As operações de resgate avançam lentamente neste domingo (30) no Nepal e na China, em meio a condições perigosas. Equipes tentam localizar sobreviventes quatro dias após as inundações devastadoras que deixaram cerca de 760 mortos. Mais de 3 mil pessoas continuam desaparecidas, e as esperanças de encontrar sobreviventes sob a lama e os escombros diminuem.

30 ago 2026 - 07h56
Resumo
O colapso de uma geleira no Himalaia gerou enxurradas devastadoras que deixaram ao menos 768 mortos e mais de 3 mil desaparecidos no Nepal e na China. Equipes internacionais enfrentam condições perigosas para tentar resgatar cerca de 100 trabalhadores presos em um túnel. Com sepultamentos iniciados por razões sanitárias, o Nepal apela por ajuda humanitária bilionária, enquanto autoridades e cientistas alertam que a tragédia é reflexo do agravamento das mudanças climáticas globais.

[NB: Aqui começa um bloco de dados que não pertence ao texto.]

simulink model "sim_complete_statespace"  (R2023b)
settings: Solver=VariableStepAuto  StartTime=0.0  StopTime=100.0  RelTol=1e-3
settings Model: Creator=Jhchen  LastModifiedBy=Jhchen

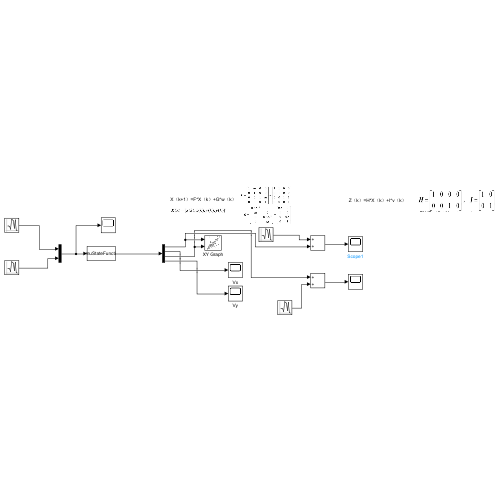
[thumbnail: Simulink's stored preview of the top-level diagram]
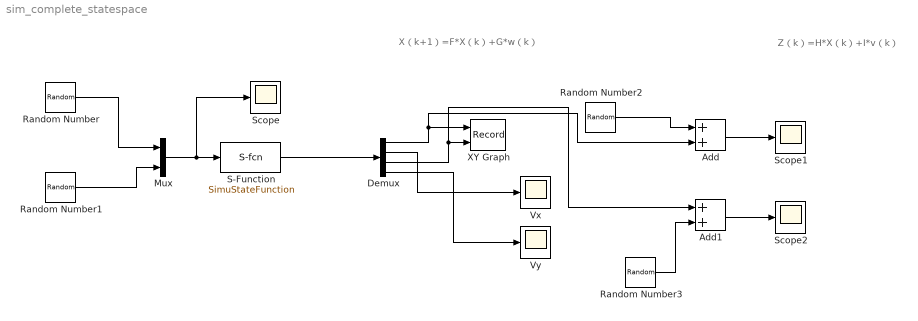
== system sim_complete_statespace ==
  note: Z（k）=H*X（k）+I*v（k）
  note: X（k+1）=F*X（k）+G*w（k）
  Add : Sum
  Add1 : Sum
  Demux : Demux
  Mux : Mux  Inputs=2
  Random Number : RandomNumber  Variance=0.01  SampleTime=1
  Random Number1 : RandomNumber  Variance=0.09  SampleTime=1
  Random Number2 : RandomNumber  Variance=0.04  SampleTime=1
  Random Number3 : RandomNumber  Variance=0.04  SampleTime=1
  S-Function : S-Function  FunctionName=SimuStateFunction  SFunctionDeploymentMode=off  EnableBusSupport=off
  Scope : Scope
  Scope1 : Scope
  Scope2 : Scope
  Vx : Scope
  Vy : Scope
  XY Graph : Record  FileSettingsInternal="{\"entries\":[{\"content\":{\"excelSettings\":{\"content\":{},\"type\":\"Streamout.ExcelSettings\"}},\"type\":\"Streamout.FileSettingStorage\",\"uuid\":\"\"}],\"packageUris\":[\"http:\\/\\/schema.mathworks.com\\/mf0\\/streamout_blocks\\/R2020a\"],\"version\":\"1.0\"}"  Layout=[1 1]  SignalsInternal="{\"entries\":[{\"content\":{\"signals\":[{\"content\":{\"blockPath\":[],\"dimensions\":[1],\"domain\":\"\",\"lineColor\":\"#a2142f\",\"plots\":[1],\"port\":1,\"sid\":[\"\"],\"signalID\":166,\"signalName\":\"Demux:1\"},\"type\":\"RecordBlkView.Signal\",\"uuid\":\"\"},{\"content\":{\"blockPath\":[],\"dimensions\":[1],\"domain\":\"\",\"lineColor\":\"#139fff\",\"plots\":[1],\"port\":2,\"sid\":[\"\"],\"signalID\":170,\"signalName\":\"Demux:3\"},\"type\":\"RecordBlkView.Signal\",\"uuid\":\"\"}]},\"type\":\"RecordBlkView.InputSignals\",\"uuid\":\"\"}],\"packageUris\":[\"http:\\/\\/schema.mathworks.com\\/mf0\\/streamout_blocks\\/R2020a\"],\"version\":\"1.0\"}"  VisualizationBindings="{\"xyplotplugin\":{\"info\":[{\"series\":[{\"bindingParametersList\":[{\"parameter\":\"X-Axis\",\"signalID\":166,\"signalName\":\"Demux:1\"},{\"parameter\":\"Y-Axis\",\"signalID\":170,\"signalName\":\"Demux:3\"}],\"seriesID\":38470}],\"subplotID\":1}]}}"  CompatibilityTag=XY
  wires:
  Random Number1/1 -> Mux/2
  Random Number/1 -> Mux/1
  Mux/1 -> Scope/1, S-Function/1
  S-Function/1 -> Demux/1
  Demux/1 -> Add/2, XY Graph/1
  Demux/3 -> Add1/1, XY Graph/2
  Demux/4 -> Vy/1
  Demux/2 -> Vx/1
  Random Number2/1 -> Add/1
  Random Number3/1 -> Add1/2
  Add1/1 -> Scope2/1
  Add/1 -> Scope1/1

Em uma área profundamente devastada pela enorme enxurrada provocada pelo colapso de uma geleira do Himalaia, as equipes de resgate são obrigadas a trabalhar sob a ameaça constante de novos desastres naturais.

Membros do Exército do Nepal, vestindo trajes de proteção, transferem um corpo para um centro de armazenamento temporário, em Bharatpur, Chitwan, Nepal, em 30 de agosto de 2026.
Membros do Exército do Nepal, vestindo trajes de proteção, transferem um corpo para um centro de armazenamento temporário, em Bharatpur, Chitwan, Nepal, em 30 de agosto de 2026.
Foto: REUTERS - Navesh Chitrakar / RFI

Neste domingo, as autoridades nepalesas voltaram a pedir cautela devido a uma nova elevação do nível das águas do rio Bhotekoshi, que transbordou na quarta-feira após a avalanche de rocha e gelo.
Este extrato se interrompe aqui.